The accumulating tumult of information and gadgetry is front and center in Alexandra Chang’s debut novel, Days of Distraction, which follows a Chinese-American tech reporter who moves from San Francisco to Ithaca, New York, with her white boyfriend, J, in the early 2010s. Before the cross country journey, she is denied a raise time and time again, despite the calming assurances of her editors that she is one of the best writers on staff. Her best friend at the office, a photographer named Jasmine, is one of the few other people of color employed by the publication. After arriving in New York, the protagonist and J adopt a dog and cat. When she grows unhappy with Ithaca and her relationship, she opts to visit her alcoholic father for a few weeks in Zhuhai. The protagonist’s name, Jing Jing, is used rarely; on one occasion, buried in dialogue in the latter half of the novel, J addresses her as Alexandra.

The upfront reasons for her unhappiness, of course, are an oversimplification. It’s never just about work or romance. Chang’s protagonist, who is navigating the early career plights of her mid-twenties, is faced with a range of marginalizing instances from academic liberal micro-aggressions to blatant, intentional, violent acts of racism. She deals with an identity crisis that amalgamates a history of American xenophobia, family assimilation, interracial dating, and workplace sexism and racism.
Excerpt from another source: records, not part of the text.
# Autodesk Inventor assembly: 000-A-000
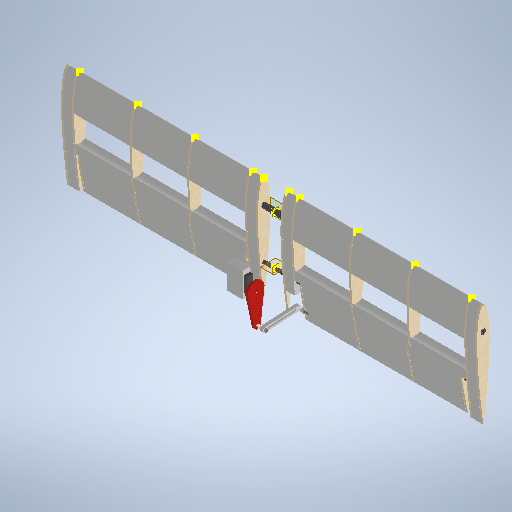
[picture p0: Inventor's stored thumbnail of the model, 512x512]
Saved by Autodesk Inventor 2025.2 (Build 292293000, 293)
## iProperties
Created: 2025-01-11
Part Number: 000-A-000
Document SubType Name: Assembly
Designer: lachl
Category: <PROJECT CATAGORY>
Title: <TITLE>
Author: lachl
Revision Number: A
## Documents named in this file (27)
- C:\Users\lachl\OneDrive - University of Bristol\Full assembly\HTP & Elevator\6A-002.iam
- C:\Users\lachl\OneDrive - University of Bristol\Full assembly\HTP & Elevator\6P-001.ipt
- C:\Users\lachl\OneDrive - University of Bristol\Full assembly\HTP & Elevator\6P-002.ipt
- C:\Users\lachl\OneDrive - University of Bristol\Full assembly\HTP & Elevator\6P-003.ipt
- C:\Users\lachl\OneDrive - University of Bristol\Full assembly\HTP & Elevator\6P-004.ipt
- C:\Users\lachl\OneDrive - University of Bristol\Full assembly\HTP & Elevator\6P-005.ipt
- C:\Users\lachl\OneDrive - University of Bristol\Full assembly\HTP & Elevator\6P-006.ipt
- C:\Users\lachl\OneDrive - University of Bristol\Full assembly\HTP & Elevator\6P-007.ipt
- C:\Users\lachl\OneDrive - University of Bristol\Full assembly\HTP & Elevator\6P-008.ipt
- C:\Users\lachl\OneDrive - University of Bristol\Full assembly\HTP & Elevator\6P-009.ipt
- C:\Users\lachl\OneDrive - University of Bristol\Full assembly\HTP & Elevator\6P-010.ipt
- C:\Users\lachl\OneDrive - University of Bristol\Full assembly\HTP & Elevator\6P-011.ipt
- C:\Users\lachl\OneDrive - University of Bristol\Full assembly\HTP & Elevator\6P-013.ipt
- C:\Users\lachl\OneDrive - University of Bristol\Full assembly\HTP & Elevator\6P-012.ipt
- C:\Users\lachl\OneDrive - University of Bristol\Full assembly\HTP & Elevator\6P-015.ipt
- C:\Users\lachl\OneDrive - University of Bristol\Full assembly\HTP & Elevator\Foam next to elevator.ipt
- C:\Users\lachl\OneDrive - University of Bristol\Full assembly\HTP & Elevator\Foam sandwich next to mechanism.ipt
- C:\Users\lachl\Documents\Inventor\Content Center Files\R2025\en-US\GB_T 5782-2000\Bolt GB_T 5782 M2.5 x 20.ipt
- C:\Users\lachl\OneDrive - University of Bristol\Full assembly\HTP & Elevator\spacer 3.5mm.ipt
- C:\Users\lachl\Documents\Inventor\Content Center Files\R2025\en-US\AS 1112 (2)\AS 1112 - M2.5  Type 5.ipt
- C:\Users\lachl\OneDrive - University of Bristol\Full assembly\HTP & Elevator\6P-016.ipt
- C:\Users\lachl\OneDrive - University of Bristol\Full assembly\HTP & Elevator\6P-017.ipt
- C:\Users\lachl\OneDrive - University of Bristol\Full assembly\HTP & Elevator\Servo mount top v2.ipt
- C:\Users\lachl\OneDrive - University of Bristol\Full assembly\HTP & Elevator\elevator next to mechanism.ipt
- C:\Users\lachl\OneDrive - University of Bristol\Full assembly\HTP & Elevator\6P-016 cutout.ipt
- C:\Users\lachl\OneDrive - University of Bristol\Full assembly\HTP & Elevator\spacer 4.5mm.ipt
- C:\Users\me19654\OneDrive - University of Bristol\PhD Project\005 Design (CAD and schematics)\001 Wind Tunnel\CAD Library\001-A-017 CONTRACTION ASSY.iam
## Components (59 placed, 25 different names)
1. 6P-001:1 — Rotational:122, Rotational:124
2. 6P-002:1 — Rigid:108, Cylindrical:116, Rotational:138
3. 6P-003:1 — Rotational:124
4. 6P-003:2 — Rotational:114, Rotational:122
5. 6P-003:3
6. 6P-004:2
7. 6P-003:4
8. 6P-003:5
9. 6P-005:1
10. 6P-005:2
11. 6P-005:3
12. 6P-005:4
13. 6P-005:5
14. 6P-005:6
15. 6P-006:1 — Rigid:112
16. 6P-006:2 — Rigid:116, Rigid:117
17. 6P-006:3 — Rigid:115
18. 6P-006:4 — Rigid:113, Rigid:114
19. 6P-007:1
20. 6P-007:2
21. 6P-008:1
22. 6P-009:1
23. 6P-010:1
24. 6P-010:2 — Rigid:126, Rigid:127
25. 6P-010:3
26. 6P-010:4
27. 6P-010:5 — Rigid:125
28. 6P-010:6
29. 6P-010:7 — Rigid:128, Rigid:129
30. 6P-011:1 — Rotational:133, Cylindrical:119, Rigid:130, Rotational:138
31. 6P-013:1 — Rigid:108
32. 6P-013:2
33. 6P-013:3
34. 6P-006:5 — Rotational:126, Rotational:127
35. 6P-012:1
36. 6P-012:2
37. 6P-015:1 — Rotational:139
38. Foam next to elevator:1 — Rigid:117
39. Foam next to elevator:2 — Rigid:112
40. Foam next to elevator:3 — Rigid:116
41. Foam next to elevator:4 — Rigid:114
42. Foam next to elevator:5 — Rigid:113
43. Foam next to elevator:6 — Rigid:115
44. Foam sandwich next to mechanism:1 — Rotational:114, Cylindrical:116, Rotational:126, Rotational:127
45. Bolt GB/T 5782-2000 M2.5x20:1 — Rotational:135, Cylindrical:119
46. Bolt GB/T 5782-2000 M2.5x20:2 — Cylindrical:118, Rotational:141
47. spacer 3.5mm:2 — Rotational:142, Rotational:143
48. AS 1112 (2) - Metric M2.5  Type 5:1 — Rotational:137
49. AS 1112 (2) - Metric M2.5  Type 5:2 — Rotational:133
50. 6P-016:1 — Rotational:140, Rotational:141, Rotational:142
51. 6P-017:1 — Rotational:135, Cylindrical:118, Rotational:137, Rotational:144, Rotational:145
52. Servo mount top v2:1 — Rigid:124
53. Servo mount top v2:2 — Rigid:124
54. elevator next to mechanism:1 — Rigid:125, Rigid:126
55. elevator next to mechanism:2 — Rigid:127, Rigid:128
56. elevator next to mechanism:3 — Rigid:129, Rigid:130
57. 6P-016 cutout:1 — Rotational:139, Rotational:140
58. spacer 3.5mm:4 — Rotational:143, Rotational:144
59. spacer 4.5mm:1 — Rotational:145
## Relationships (61: WeldJoint 40, RevoluteJoint 16, CylindricalJoint 4, Mate 1)
- [WeldJoint]: 6P-003:1 ↔ 6P-004:2
- [WeldJoint]: 6P-003:3 ↔ 6P-004:2
- [CylindricalJoint]: 6P-002:1 ↔ 6P-004:2
- [WeldJoint]: 6P-003:3 ↔ 6P-005:1
- [WeldJoint]: 6P-005:1 ↔ 6P-006:2
- [WeldJoint]: 6P-005:3 ↔ 6P-006:2
- [WeldJoint]: 6P-005:3 ↔ 6P-006:1
- [WeldJoint]: 6P-005:4 ↔ 6P-006:1
- [WeldJoint]: 6P-003:4 ↔ 6P-005:4
- [WeldJoint]: 6P-005:2 ↔ 6P-006:3
- [WeldJoint]: 6P-005:5 ↔ 6P-006:3
- [WeldJoint]: 6P-005:5 ↔ 6P-006:4
- [WeldJoint]: 6P-005:6 ↔ 6P-006:4
- [WeldJoint]: 6P-003:5 ↔ 6P-005:6
- [WeldJoint]: 6P-003:4 ↔ 6P-009:1
- [WeldJoint]: 6P-007:1 ↔ 6P-009:1
- [WeldJoint]: 6P-003:5 ↔ 6P-008:1
- [WeldJoint]: 6P-007:2 ↔ 6P-008:1
- [WeldJoint]: 6P-010:4 ↔ 6P-013:1
- [WeldJoint]: 6P-010:3 ↔ 6P-013:1
- [WeldJoint]: 6P-010:3 ↔ 6P-013:3
- [WeldJoint]: 6P-010:6 ↔ 6P-013:3
- [WeldJoint]: 6P-010:6 ↔ 6P-013:2
- [WeldJoint]: 6P-010:1 ↔ 6P-013:2
- [WeldJoint]: 6P-005:2 ↔ 6P-006:5
- [Mate]: 6P-001:1 ↔ 6P-002:1
- [WeldJoint]: 6P-002:1 ↔ 6P-012:1
- [WeldJoint]: 6P-002:1 ↔ 6P-012:2
- Rigid:108 [WeldJoint] (-41.5 mm): 6P-002:1 ↔ 6P-013:1
- Rigid:112 [WeldJoint]: 6P-006:1 ↔ Foam next to elevator:2
- Rigid:113 [WeldJoint]: 6P-006:4 ↔ Foam next to elevator:5
- Rigid:114 [WeldJoint]: 6P-006:4 ↔ Foam next to elevator:4
- Rigid:115 [WeldJoint]: 6P-006:3 ↔ Foam next to elevator:6
- Rigid:116 [WeldJoint]: 6P-006:2 ↔ Foam next to elevator:3
- Rigid:117 [WeldJoint]: 6P-006:2 ↔ Foam next to elevator:1
- Rotational:114 [RevoluteJoint]: 6P-003:2 ↔ Foam sandwich next to mechanism:1
- Cylindrical:116: 6P-002:1 ↔ Foam sandwich next to mechanism:1
- Rotational:122 [RevoluteJoint] (17.5 mm): 6P-001:1 ↔ 6P-003:2
- Rotational:124 [RevoluteJoint] (-17.5 mm): 6P-001:1 ↔ 6P-003:1
- Rotational:126 [RevoluteJoint]: 6P-006:5 ↔ Foam sandwich next to mechanism:1
- Rotational:127 [RevoluteJoint]: 6P-006:5 ↔ Foam sandwich next to mechanism:1
- Rotational:133 [RevoluteJoint]: 6P-011:1 ↔ AS 1112 (2) - Metric M2.5  Type 5:2
- Rotational:135 [RevoluteJoint]: Bolt GB/T 5782-2000 M2.5x20:1 ↔ 6P-017:1
- Cylindrical:118: Bolt GB/T 5782-2000 M2.5x20:2 ↔ 6P-017:1
- Cylindrical:119: 6P-011:1 ↔ Bolt GB/T 5782-2000 M2.5x20:1
- Rotational:137 [RevoluteJoint]: AS 1112 (2) - Metric M2.5  Type 5:1 ↔ 6P-017:1
- Rigid:124 [WeldJoint]: Servo mount top v2:1 ↔ Servo mount top v2:2
- Rigid:125 [WeldJoint]: 6P-010:5 ↔ elevator next to mechanism:1
- Rigid:126 [WeldJoint]: 6P-010:2 ↔ elevator next to mechanism:1
- Rigid:127 [WeldJoint]: 6P-010:2 ↔ elevator next to mechanism:2
- Rigid:128 [WeldJoint]: 6P-010:7 ↔ elevator next to mechanism:2
- Rigid:129 [WeldJoint]: 6P-010:7 ↔ elevator next to mechanism:3
- Rigid:130 [WeldJoint]: 6P-011:1 ↔ elevator next to mechanism:3
- Rotational:138 [RevoluteJoint] (43.5 mm): 6P-002:1 ↔ 6P-011:1
- Rotational:139 [RevoluteJoint]: 6P-015:1 ↔ 6P-016 cutout:1
- Rotational:140 [RevoluteJoint]: 6P-016:1 ↔ 6P-016 cutout:1
- Rotational:141 [RevoluteJoint]: Bolt GB/T 5782-2000 M2.5x20:2 ↔ 6P-016:1
- Rotational:142 [RevoluteJoint]: spacer 3.5mm:2 ↔ 6P-016:1
- Rotational:143 [RevoluteJoint]: spacer 3.5mm:2 ↔ spacer 3.5mm:4
- Rotational:144 [RevoluteJoint]: 6P-017:1 ↔ spacer 3.5mm:4
- Rotational:145 [RevoluteJoint]: 6P-017:1 ↔ spacer 4.5mm:1
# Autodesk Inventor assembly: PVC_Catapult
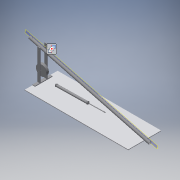
[picture p0: Inventor's stored thumbnail of the model, 180x180]
Saved by Autodesk Inventor 2016 SP1 (Build 200210100, 210)
## iProperties
Created: 2016-01-12
Part Number: PVC_Catapult
Document SubType Name: Assembly
Designer: steele
Author: steele
## Documents named in this file (8)
- C:\snobotics\CAD-Development\robSteele\SnoBotics2016\FirstCutCatapult\PVC_Catapult.iam
- C:\snobotics\CAD-Development\robSteele\SnoBotics2016\FirstCutCatapult\CatapultBase.ipt
- C:\snobotics\CAD-Development\robSteele\SnoBotics2016\FirstCutCatapult\cPvcSupport.ipt
- C:\snobotics\CAD-Development\robSteele\SnoBotics2016\FirstCutCatapult\catapultMaxVolume.ipt
- C:\snobotics\CAD-Development\robSteele\SnoBotics2016\FirstCutCatapult\CatapultAxel.ipt
- C:\snobotics\CAD-Development\robSteele\SnoBotics2016\FirstCutCatapult\roundCatapultArm.ipt
- C:\snobotics\CAD-MfgResources\McMaster-Carr\Air Cylinder\Universal Mount\Single Acting Spring Return\3_4 bore 6 stroke\6498K045.ipt
- C:\snobotics\CAD-Development\robSteele\SnoBotics2016\FirstCutCatapult\cArmPully.ipt
## Components (10 placed, 7 different names)
1. CatapultBase:1 — Mate:1, Flush:1, Mate:2, Mate:3, Flush:2, Mate:4, Mate:5, Flush:3
2. cPvcSupport:1 — Mate:1, Flush:1, Mate:2, Insert:1, Insert:2
3. cPvcSupport:2 — Mate:3, Flush:2, Mate:4
4. catapultMaxVolume:1 — Mate:5, Flush:3, Mate:6
5. CatapultAxel:1 — Insert:1, Mate:7, Mate:11
6. roundCatapultArm:1 — Mate:7, Mate:8
7. CatapultAxel:2 — Insert:2, Mate:9
8. 6498K045:1
9. cArmPully:1 — Mate:9, Mate:10
10. roundCatapultArm:2 — Mate:11, Mate:12
## Relationships (17: Mate 12, Flush 3, Insert 2)
- Mate:1: CatapultBase:1 ↔ cPvcSupport:1
- Flush:1 (76.2 mm): CatapultBase:1 ↔ cPvcSupport:1
- Mate:2: CatapultBase:1 ↔ cPvcSupport:1
- Mate:3: CatapultBase:1 ↔ cPvcSupport:2
- Flush:2 (76.2 mm): CatapultBase:1 ↔ cPvcSupport:2
- Mate:4: CatapultBase:1 ↔ cPvcSupport:2
- Mate:5: CatapultBase:1 ↔ catapultMaxVolume:1
- Flush:3: CatapultBase:1 ↔ catapultMaxVolume:1
- Mate:6: catapultMaxVolume:1
- Insert:1: cPvcSupport:1 ↔ CatapultAxel:1
- Mate:7: CatapultAxel:1 ↔ roundCatapultArm:1
- Mate:8: roundCatapultArm:1
- Insert:2: cPvcSupport:1 ↔ CatapultAxel:2
- Mate:9: CatapultAxel:2 ↔ cArmPully:1
- Mate:10: cArmPully:1
- Mate:11: CatapultAxel:1 ↔ roundCatapultArm:2
- Mate:12: roundCatapultArm:2
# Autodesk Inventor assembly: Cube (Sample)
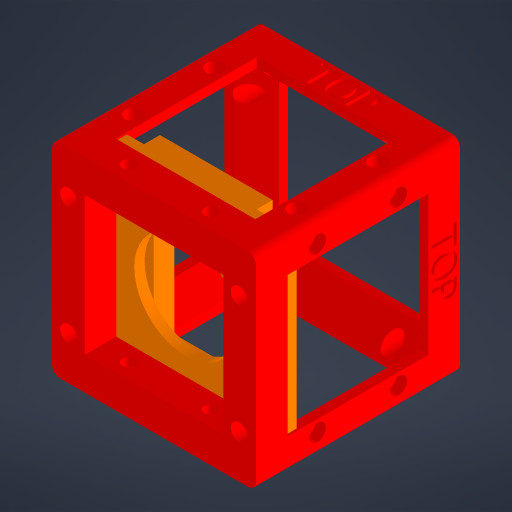
[picture p0: Inventor's stored thumbnail of the model, 512x512]
Saved by Autodesk Inventor 2023.4 (Build 274418000, 418)
## iProperties
Created: 2021-11-17
Part Number: Cube (Sample)
Document SubType Name: Assembly
Designer: xSibe
Author: xSibe
## Documents named in this file (4)
- C:\.Laptop\.Work\Projects\Project Protocube\1 Autodesk\1 Cubes\Sample\Cube (Sample).iam
- C:\.Laptop\.Work\Projects\Project Protocube\1 Autodesk\1 Cubes\Sample\Sample Clamp.ipt
- C:\.Laptop\.Work\Projects\Project Protocube\1 Autodesk\1 Cubes\Sample\Sample Holder.ipt
- C:\.Laptop\.Work\Projects\Project Protocube\1 Autodesk\1 Cubes\Cubes\Cube 1x1 V5.iam
## Components (3 placed, 3 different names)
1. Sample Holder:1 — Flush:3, Flush:4, Flush:5
2. Sample Clamp:1 — Flush:3, Flush:4, Flush:5
3. Cube 1x1 V5:1 [sub-assembly]
## Relationships (3: Flush 3)
- Flush:3: Sample Holder:1 ↔ Sample Clamp:1
- Flush:4: Sample Holder:1 ↔ Sample Clamp:1
- Flush:5: Sample Holder:1 ↔ Sample Clamp:1
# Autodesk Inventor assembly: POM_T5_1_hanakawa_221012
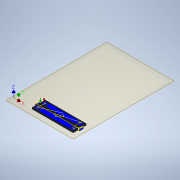
[picture p0: Inventor's stored thumbnail of the model, 180x180]
Saved by Autodesk Inventor 2022 (Build 260153000, 153)
## iProperties
Created: 2022-09-28
Part Number: POM_T5_1_hanakawa_221012
Document SubType Name: Assembly
Designer: Masato
Author: Masato
## Documents named in this file (3)
- C:\Users\hanak\Documents\SUSTAINA-OP\Cam\POM_T5\POM_T5_1_hanakawa_221012.iam
- C:\Users\hanak\Documents\SUSTAINA-OP\Cam\DisposableBoard.ipt
- C:\Users\hanak\Documents\SUSTAINA-OP\UpperBody\Cockpit\Cockpit_battery_bottom_frame.ipt
## Components (2 placed, 2 different names)
1. DisposableBoard:1 — フラッシュ:1, フラッシュ:2, フラッシュ:3, フラッシュ:4, メイト:1, フラッシュ:5, フラッシュ:6
2. Cockpit_battery_bottom_frame:1 — メイト:1, フラッシュ:5, フラッシュ:6
## Relationships (7: Flush 6, Mate 1)
- フラッシュ:1 [Flush]: DisposableBoard:1
- フラッシュ:2 [Flush]: DisposableBoard:1
- フラッシュ:3 [Flush]: DisposableBoard:1
- フラッシュ:4 [Flush]: DisposableBoard:1
- メイト:1 [Mate]: DisposableBoard:1 ↔ Cockpit_battery_bottom_frame:1
- フラッシュ:5 [Flush] (2.5 mm): DisposableBoard:1 ↔ Cockpit_battery_bottom_frame:1
- フラッシュ:6 [Flush] (2.5 mm): DisposableBoard:1 ↔ Cockpit_battery_bottom_frame:1

At a company meeting, after she realizes there are no Black employees, she thinks:

“How had I not noticed? I worry that somebody else in the room is just noticing this at the same time as me, that they are looking at the few of us who are different in the same way that we are looking at ourselves in that moment, as painfully not-them, as other. Or worse, I worry they are not noticing anything amiss at all.”

Distractions are often not innocuous. Chang reveals how this lack of noticing occurs every day. There’s always a new job, a new device, a looming deadline, the bountiful applications, something big or small to draw attention away from underlying societal problems. For J, it’s applications to graduate school and long hours in a lab experimenting on mice with genetic deformities. He is mostly clueless and privileged. When the protagonist asks J to read several articles analyzing the dynamics and complexities of interracial relationships, he spends weeks using work as an excuse for avoiding them. It isn’t until after Alexandra leaves for China and the integrity of their relationship is at risk that he makes the effort. In other words, he consciously elects to be distracted or busy until it no longer becomes tenable.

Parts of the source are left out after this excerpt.